* **Task inputs**
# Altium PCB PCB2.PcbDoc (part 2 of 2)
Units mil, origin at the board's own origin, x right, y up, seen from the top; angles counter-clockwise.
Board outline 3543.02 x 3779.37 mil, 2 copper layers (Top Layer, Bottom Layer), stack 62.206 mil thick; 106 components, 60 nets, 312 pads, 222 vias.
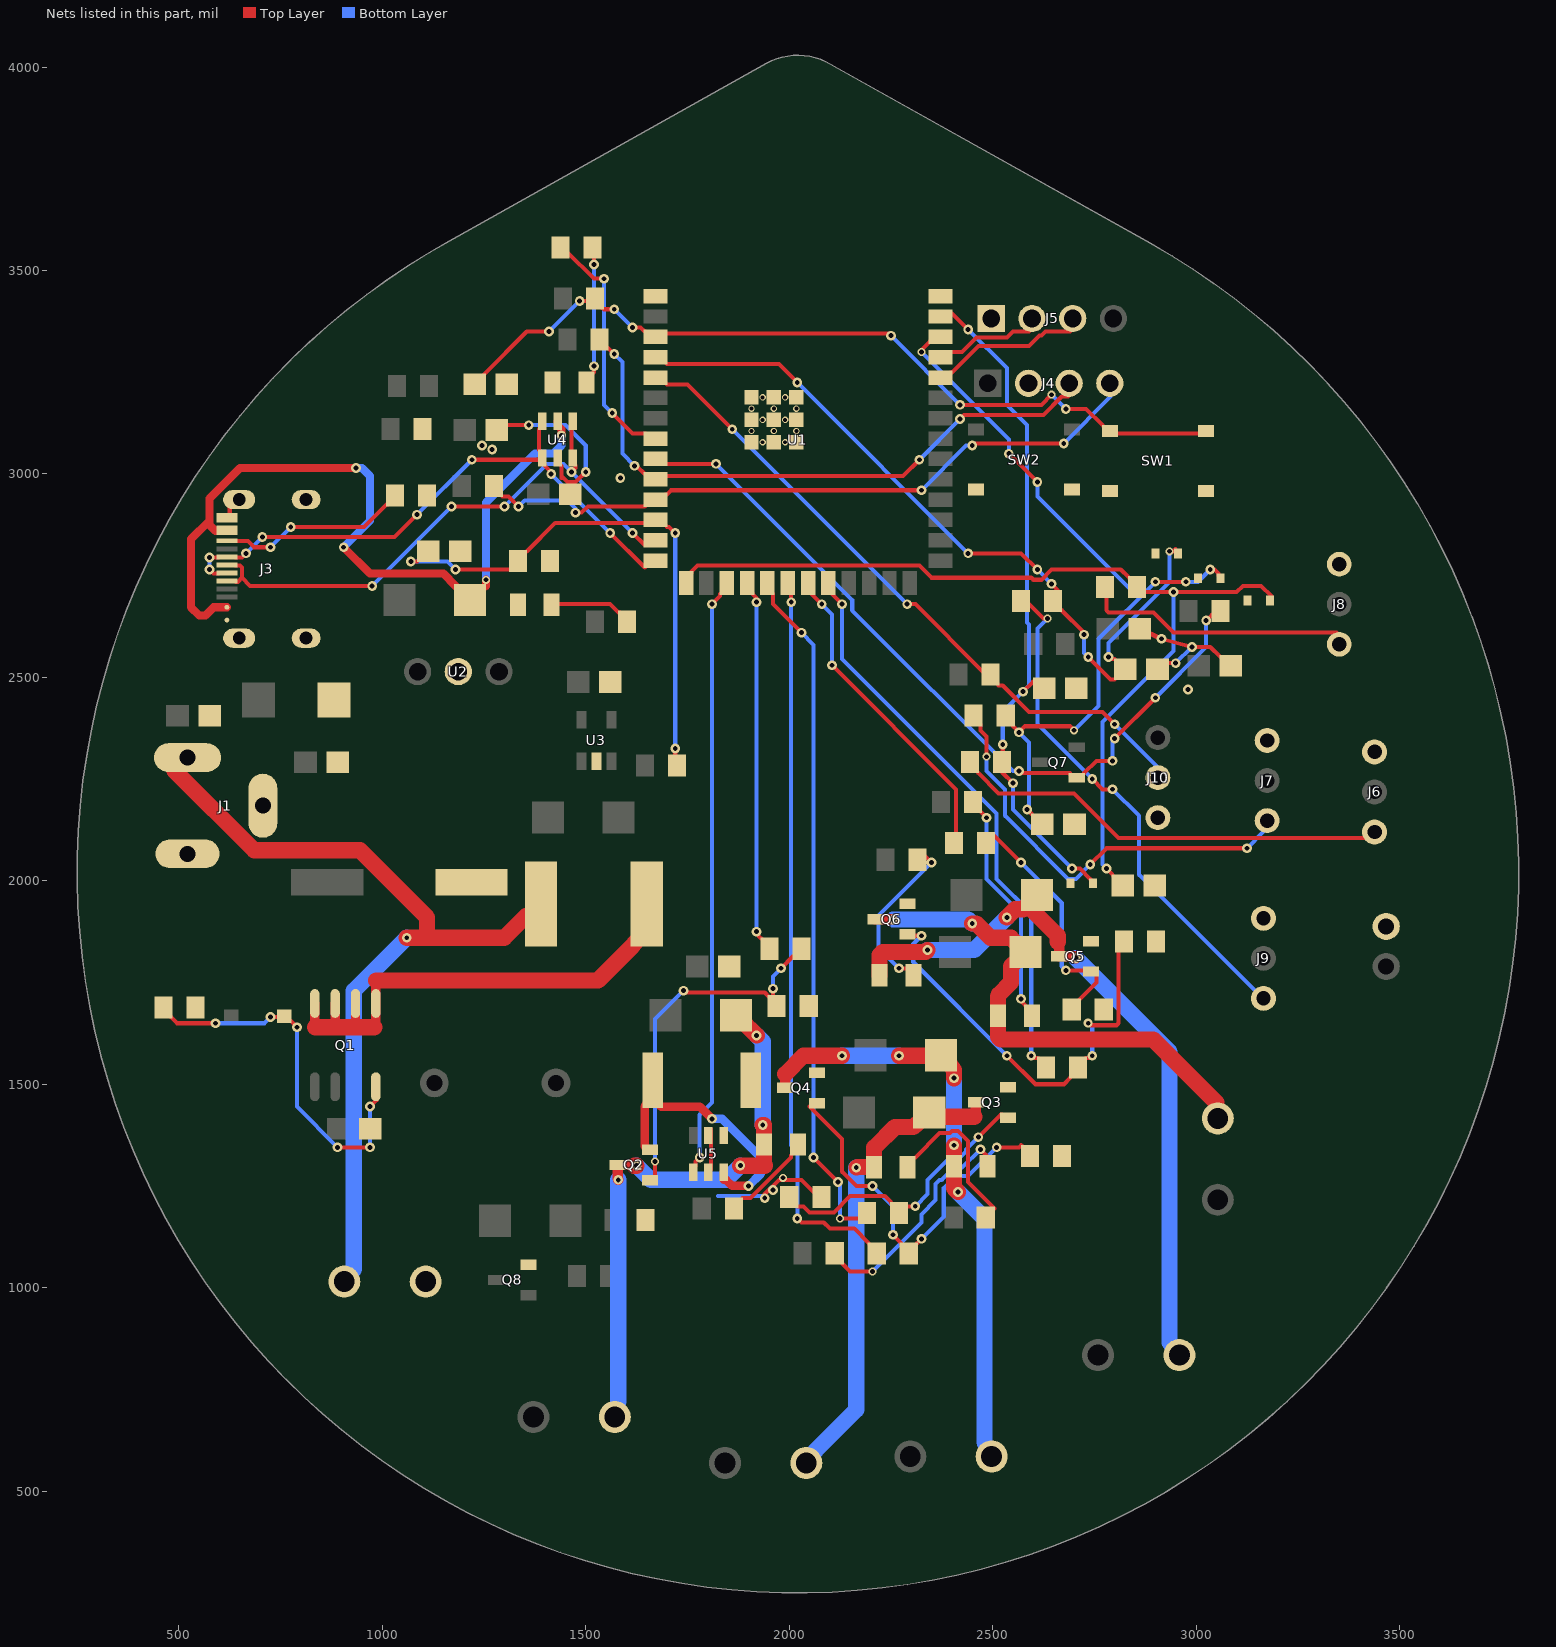
[diagram p2: the nets of this part, all layers, seen from the top]

## Via types
v1: diameter 24.02, hole 12.01, Top Layer to Bottom Layer, tented both sides, 192 vias
v2: diameter 19.68, hole 11.81, Top Layer to Bottom Layer, tented both sides, 15 vias
v3: diameter 15.75, hole 9.8, Top Layer to Bottom Layer, tented both sides, 12 vias
v4: diameter 22, hole 12, Top Layer to Bottom Layer, tented both sides, 3 vias

## Nets (pads, with @x,y where several pads share a name; then routed paths per layer and width w, separated by ;. In a path a pad name is that pad's centre, name@x,y a point inside that pad or via, vN(x,y) a via of type N, cw(c..) or ccw(c..) an arc to the next point about the centre after c; other vN are vias at no path point) (continued)
CC2: J3.B5 R8.1 | length 473.6
  Top Layer w10: J3.B5@617.9,2835.7 638.49,2835 640,2835 670,2835 685,2820 v1(725,2820) ; v1(775,2870) 955,2870 1010,2925 1013.66,2925.48 R8.1@1030.96,2947.59
  Bottom Layer w10: v1(725,2820) v1(775,2870)
DHT_DATA: J10.2 R19.2 U1.5 | length 1655
  Top Layer w10: U1.5@1671.13,3237.05 1695.65,3224.33 1700,3220 1750,3220 v1(1860,3110) ; v1(2290,2680) 2310,2680 2475,2515 2477.27,2515 R19.2@2494.56,2506.7 2511.86,2484.59 2515,2480 2525,2480 2590,2415 2770,2415 v1(2800,2385)
  Bottom Layer w10: v1(1860,3110) v1(2290,2680) ; v1(2800,2385) 2905,2280 2905.04,2279.21 J10.2@2906.33,2253.73
EN: C9.1 R5.2 SW1.1 SW1.2 U1.3 | length 2044.7
  Top Layer w10: C9.1@1226.71,3220.66 1249.46,3242.23 1250,3245 1355,3350 v1(1410,3350) ; v1(1485,3425) 1505,3425 1505.56,3425 R5.2@1522.85,3431.03 1540.15,3408.92 1545,3405 v1(1570,3405) ; v1(1615,3360) 1635,3360 1645,3350 1646.6,3349.76 U1.3@1671.13,3337.05 1695.65,3345 1700,3345 2245,3345 v1(2250,3340) ; v1(2420,3170) 2620,3170 v2(2645,3195) ; v1(2680,3160) 2730,3160 2770,3120 2773.47,3115.53 SW1.1@2788.16,3105.77 2802.84,3100 2805,3100 3005,3100 3009.69,3100 SW1.2@3024.38,3105.77
  Bottom Layer w10: v1(1410,3350) v1(1485,3425) ; v1(1570,3405) v1(1615,3360) ; v1(2250,3340) v1(2420,3170) ; v2(2645,3195) v1(2680,3160)
G_PUMP: Q2.1 R21.2 R22.1 | length 921.3
  Top Layer w10: Q2.1@1657.39,1264.16 1670,1271.96 1670,1275 v2(1670,1310) ; v1(1740,1730) 1745,1725 1940,1725 1950,1715 1952,1714.61 R22.1@1969.29,1692.5 1960,1714.61 1960,1715 v1(1960,1735) ; v1(1980,1785) 2010,1815 2012.99,1815 R21.2@2030.28,1833.09
  Bottom Layer w10: v2(1670,1310) 1670,1660 v1(1740,1730) ; v1(1960,1735) 1960,1765 v1(1980,1785)
G_V1: Q3.1 R24.2 R25.1 | length 715.7
  Top Layer w10: R25.1@2000.32,1223.27 2017.61,1201.17 2020,1200 2035,1200 2050,1185 2110,1185 2150,1225 2235,1225 2250,1210 2252.32,1205.59 R24.2@2269.61,1183.48 2286.91,1200 2290,1200 v1(2310,1200) ; v1(2465,1370) 2520,1425 2523.06,1425 Q3.1@2537.74,1418.14
  Bottom Layer w10: v1(2310,1200) 2340,1230 2340,1265 2390,1315 2415,1315 2435,1335 2435,1340 v1(2465,1370)
G_V2: Q4.1 R27.2 R28.1 | length 967.5
  Top Layer w10: Q4.1@2068.62,1453.52 2053.93,1445.72 2050,1445 2130,1365 2130,1285 2165,1250 v1(2205,1250) ; v1(2255,1130) 2275,1110 2276.74,1105.93 R27.2@2294.03,1083.82 2311.33,1105.93 2315,1110 v1(2325,1120) ; v1(2510,1345) 2565,1345 2570,1350 2574.33,1346.24 R28.1@2591.62,1324.13
  Bottom Layer w10: v1(2205,1250) 2255,1200 v1(2255,1130) ; v1(2325,1120) 2380,1175 2380,1245 2410,1275 2440,1275 v1(2510,1345)
G_V3: Q5.1 R30.2 R31.1 | length 617
  Top Layer w10: R30.2@2484.11,2092.95 2501.4,2110 2505,2110 v1(2570,2045) ; v1(2680,1780) 2725,1780 2727.64,1780 Q5.1@2742.33,1777.08 2755,1769.28 2755,1765 2755,1750 2715,1710 2711.94,1705.8 R31.1@2694.64,1683.69
  Bottom Layer w10: v1(2570,2045) 2670,1945 2670,1790 v1(2680,1780)
G_V4: Q6.1 R33.2 R34.1 | length 1072.7
  Top Layer w10: Q6.1@2290.65,1868.49 2305.34,1865 2310,1865 v1(2325,1865) ; v1(2535,1570) 2605,1500 2675,1500 2690,1515 2692.47,1519.57 R33.2@2709.77,1541.68 2727.06,1563.78 2730,1565 2740,1565 v1(2745,1570) ; v4(2735,1650) 2740,1645 2805,1645 2810,1650 2810,1825 2810,1828.68 R34.1@2822.98,1850.79
  Bottom Layer w10: v1(2325,1865) 2305,1845 2305,1800 v1(2535,1570) ; v4(2735,1650) 2745,1640 v1(2745,1570)
GND: C1.2 C2.2 C3.2 C4.2 C5.2 C6.2 C7.2 C8.2 C9.2 C10.2 C11.2 C12.2 C13.2 C14.2 C15.2 C16.2 D1.2 D6.1 D7.1 D8.1 D9.1 J1.2 J1.3 J2.2 J3.1 J3.2 J3.3 J3.4 J3.A1B12 J3.B1A12 J4.2 J5.1 J6.1 J7.1 J8.1 J9.1 J10.3 J11.2 LED1.2 LED2.2 Q3.2 Q4.2 Q5.2 Q6.2 Q8.2 R1.2 R4.2 R7.2 R8.2 R11.2 R22.2 R25.2 R28.2 R31.2 R34.2 RS1.2 SW1.3 SW1.4 SW2.3 SW2.4 U1.1 U1.40 U1.41 U2.2 U3.2 U4.2 U5.2 U5.4 U5.5 | length 1290
  Top Layer w10: C8.2@1280.94,3108.09 1303.69,3120 1305,3120 v1(1360,3120) ; U4.2@1430.96,3039.26 1436.43,3023.16 1440,3020 1440,2995 1455,2980 1475,2980 v1(1500,3005) ; 1440,2990 1440,3015 ; U5.2@1808,1290 U5.5@1808,1390 ; v1(1940,1220) 1940,1230 1975,1265 ; v1(1960,1240) 1960,1250 1975,1265 ; v2@1980,1265 1975,1265 ; R25.2@2079.06,1223.27 2061.76,1235 2060,1235 2030,1265 1975,1265 ; C14.2@2905.29,2519.62 2928.05,2535 2930,2535 v1(2950,2535) ; v1(2915,2595) v1(2990,2575) 3035,2575 3060,2550 3063.04,2549.88 C15.2@3085.79,2528.3
  Top Layer w12: J3.B1A12@625,2893 J3.1@625,2937 ; C10.2@2861.86,2619.99 v1(2915,2595)
  Bottom Layer w10: v1(1360,3120) 1450,3120 1500,3070 v1(1500,3005) ; 1825,1225 1935,1225 v1(1940,1220) ; v1(2950,2535) v1(2990,2575)
  other v1: 2980,2470 1585,2990 1270,3060 1245,3070
  other v2: 1985,1270
  other v3: 1934.91,3078.01 1990.03,3078.01 1907.35,3105.57 1962.47,3105.57 2017.59,3105.57 1934.91,3133.13 1990.03,3133.13 1907.35,3160.69 1962.47,3160.69 2017.59,3160.69 1934.91,3188.25 1990.03,3188.25
LED2_A: LED2.1 R9.2 | length 338.7
  Top Layer w10: LED2.1@1501.28,3224.85 1515.96,3247.4 1520,3250 v1(1520,3265) ; R9.2@1516.43,3556.74 1520,3534.64 1520,3530 v1(1520,3515)
  Bottom Layer w10: v1(1520,3265) v1(1520,3515)
LED_PUMP: LED3.1 R23.2 | length 231.3
  Top Layer w10: R23.2@1863.96,1194.12 1881.26,1216.22 1885,1220 1905,1220 2005,1320 2005,1325 2006.55,1329.33 LED3.1@2021.24,1351.88
LED_V1: LED4.1 R26.2 | length 423.4
  Top Layer w10: LED4.1@2290.73,1296.26 2305.41,1318.81 2310,1320 2370,1380 2395,1380 2400,1385 2415,1385 2440,1360 2440,1260 2505,1195 2500.54,1194.46 R26.2@2483.25,1172.36
LED_V2: LED5.1 R29.2 | length 586.8
  Top Layer w10: R29.2@2111.89,1084.66 2129.18,1062.56 2130,1060 2150,1040 v2(2205,1040) ; v1(2470,1340) 2485,1325 2485,1320.57 LED5.1@2487.27,1298.02
  Bottom Layer w10: v2(2205,1040) 2325,1160 2325,1180 2360,1215 2360,1255 2370,1265 2375,1265 2405,1295 2425,1295 v1(2470,1340)
LED_V3: LED6.1 R32.2 | length 420.9
  Top Layer w10: v1(2270,1785) 2290,1785 2290.56,1785 LED6.1@2305.25,1767.54 ; R32.2@2315.09,2051.76 2332.38,2060 2335,2060 v1(2350,2045)
  Bottom Layer w10: v1(2270,1785) 2220,1835 2220,1915 v1(2350,2045)
LED_V4: LED7.1 R35.2 | length 581.8
  Top Layer w10: R35.2@2452.08,2193.44 2469.38,2171.34 2470,2170 v1(2485,2155) ; v1(2570,1710) 2570,1705 2580,1695 2581.7,1690.5 LED7.1@2596.39,1667.95
  Bottom Layer w10: v1(2485,2155) 2485,2005 2565,1925 2565,1920 2570,1915 v1(2570,1710)
LED_WIFI: R9.1 U1.8 | length 606.1
  Top Layer w10: R9.1@1437.69,3556.74 1454.99,3545 1520,3480 v1(1545,3480) ; v1(1565,3150) 1615,3100 1645,3100 1646.6,3099.76 U1.8@1671.13,3087.05
  Bottom Layer w10: v1(1545,3480) 1545,3170 v1(1565,3150)
MOIST1: C11.1 D6.2 R15.2 U1.39 | length 1706.5
  Top Layer w10: U1.39@2371.9,3387.05 2396.42,3395 2400,3395 v1(2440,3355) ; v1(2525,2335) 2525,2315 2525,2313.84 R15.2@2523.15,2291.73 2525,2269.63 2525,2265 v1(2550,2240) ; v1(2575,2465) 2600,2490 2604.52,2490 C11.1@2627.28,2473.12 ; v1(2695,2030) 2715,2030 2740,2005 2741.52,2001.23 D6.2@2746.37,1994.42
  Bottom Layer w10: v1(2440,3355) 2535,3260 2535,3170 2585,3120 2585,2635 2590,2630 2590,2480 v1(2575,2465) 2525,2415 v1(2525,2335) ; v1(2550,2240) 2550,2175 v1(2695,2030)
MOIST2: C12.1 D7.2 R16.2 U1.38 | length 1975.5
  Top Layer w10: v2(2325,3300) 2325,3305 2345,3325 2347.37,3325 U1.38@2371.9,3337.05 ; R16.2@2532.23,2406.32 2549.53,2384.21 2550,2380 v1(2565,2365) 2580,2380 2690,2380 v2(2700,2370) ; v1(2540,3050) v1(2610,2980) ; v1(2585,2175) 2595,2165 2599.74,2160.66 C12.1@2622.49,2139.08 ; v1(2900,2735) v1(2975,2735) ; v1(3035,2765) 3045,2765 3055,2755 3055.33,2750.1 D7.2@3060.18,2743.29
  Bottom Layer w10: v2(2325,3300) 2540,3085 v1(2540,3050) ; v1(2565,2365) 2590,2340 2590,2180 v1(2585,2175) ; v1(2610,2980) 2610,2945 2860,2695 ; v2(2700,2370) 2760,2430 2760,2595 v1(2900,2735) ; v1(2975,2735) 3005,2735 v1(3035,2765)
MOIST3: C13.1 D8.2 R17.2 U1.15 | length 2353.2
  Top Layer w10: U1.15@1746.52,2731.96 1759.23,2756.49 1760,2760 1775,2775 2320,2775 2350,2745 2595,2745 2600,2740 2620,2740 2645,2765 2815,2765 2835,2745 2837.47,2744.84 R17.2@2854.76,2722.74 2872.06,2710 2875,2710 3100,2710 3115,2725 3160,2725 3185,2700 3185,2695.9 D8.2@3181.85,2689.09 ; v1(2780,2030) 2795,2015 2796.77,2010.01 C13.1@2819.52,1988.44
  Bottom Layer w10: v1(2780,2030) 2770,2040 2770,2390 2945,2565 v1(2945,2710)
MOIST4: C14.1 D9.2 R18.2 U1.4 | length 1957.1
  Top Layer w10: U1.4@1671.13,3287.05 1695.65,3274.33 1700,3270 1975,3270 v1(2020,3225) ; v1(2440,2805) 2570,2805 v1(2610,2765) ; v1(2645,2730) 2660,2715 2660,2710.15 R18.2@2648.22,2688.04 2665.52,2665.94 2670,2665 2725,2610 v1(2725,2605) ; v1(2735,2550) 2790,2495 2800,2495 2803.8,2498.05 C14.1@2826.55,2519.62 2803.8,2541.2 2800,2545 2790,2545 v1(2785,2550) ; v2(2935,2810) 2945,2810 2950,2815 2950.86,2811.45 D9.2@2955.71,2804.64
  Bottom Layer w10: v1(2020,3225) v1(2440,2805) ; v1(2610,2765) v1(2645,2730) ; v1(2725,2605) 2725,2560 v1(2735,2550) ; v1(2785,2550) 2785,2585 2935,2735 v2(2935,2810)
MSIG1: J6.3 R15.1 | length 1078.1
  Top Layer w10: R15.1@2444.41,2291.73 2461.71,2269.63 2465,2265 2515,2215 2700,2215 2810,2105 3415,2105 3417.22,2106.39 J6.3@3438.83,2119.93
MSIG2: J7.3 R16.1 | length 1053.2
  Top Layer w10: R16.1@2453.49,2406.32 2470,2384.21 2470,2380 2470,2370 2485,2355 v2(2485,2305) ; v1(2740,2040) 2780,2080 v1(3125,2080)
  Bottom Layer w10: v2(2485,2305) 2485,2270 2530,2225 2530,2160 2685,2005 2705,2005 v1(2740,2040) ; v1(3125,2080) 3165,2120 3166.39,2123.99 J7.3@3174.76,2148.08
MSIG3: J8.3 R17.1 | length 675.3
  Top Layer w10: R17.1@2776.02,2722.74 2780,2700.63 2780,2700 2780,2665 2785,2660 2895,2660 2945,2610 3345,2610 3345.94,2606.18 J8.3@3352.06,2581.4
MSIG4: J9.3 R18.1 | length 1271.7
  Top Layer w10: R18.1@2569.48,2688.04 2586.78,2680 2590,2680 2625,2645 v2(2635,2645) ; v1(2745,2250) 2770,2225 v1(2795,2225)
  Bottom Layer w10: v2(2635,2645) 2610,2620 2610,2385 v1(2745,2250) ; v1(2795,2225) 2860,2160 2860,2015 3145,1730 3147.05,1728.13 J9.3@3165.88,1710.91
OUT_PUMP: D10.2 J12.2 LED3.2 Q2.3 | length 1412.2
  Top Layer w25.59: v1(1580,1265) 1578.65,1268.27 Q2.3@1578.65,1301.56 1618.83,1301.56 v1@1620,1300
  Top Layer w39.37: v1(1935,1400) 1938.54,1399.93 LED3.2@1938.54,1351.88 1938.54,1303.83 1940,1300
  Top Layer w40: v1@1620,1300 v1(1625,1300) ; D10.2@1869.78,1669.61 1889.15,1650.24 1905,1635 v1(1920,1620) ; v1(1880,1300) 1940,1300
  Bottom Layer w40: J12.2@1571.36,682.24 1575.68,701.13 1580,720 v1(1580,1265) ; v1(1625,1300) 1660,1265 1845,1265 v1(1880,1300) ; v1(1920,1620) 1935,1605 v1(1935,1400)
OUT_V1: D11.2 J13.2 LED4.2 Q3.3 | length 1188.7
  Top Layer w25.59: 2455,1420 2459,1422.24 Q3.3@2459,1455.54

* **What you need to do**
In the records above, find the lines holding "tented". Copy each one.

* **Exercise result**
v1: diameter 24.02, hole 12.01, Top Layer to Bottom Layer, tented both sides, 192 vias
v2: diameter 19.68, hole 11.81, Top Layer to Bottom Layer, tented both sides, 15 vias
v3: diameter 15.75, hole 9.8, Top Layer to Bottom Layer, tented both sides, 12 vias
v4: diameter 22, hole 12, Top Layer to Bottom Layer, tented both sides, 3 vias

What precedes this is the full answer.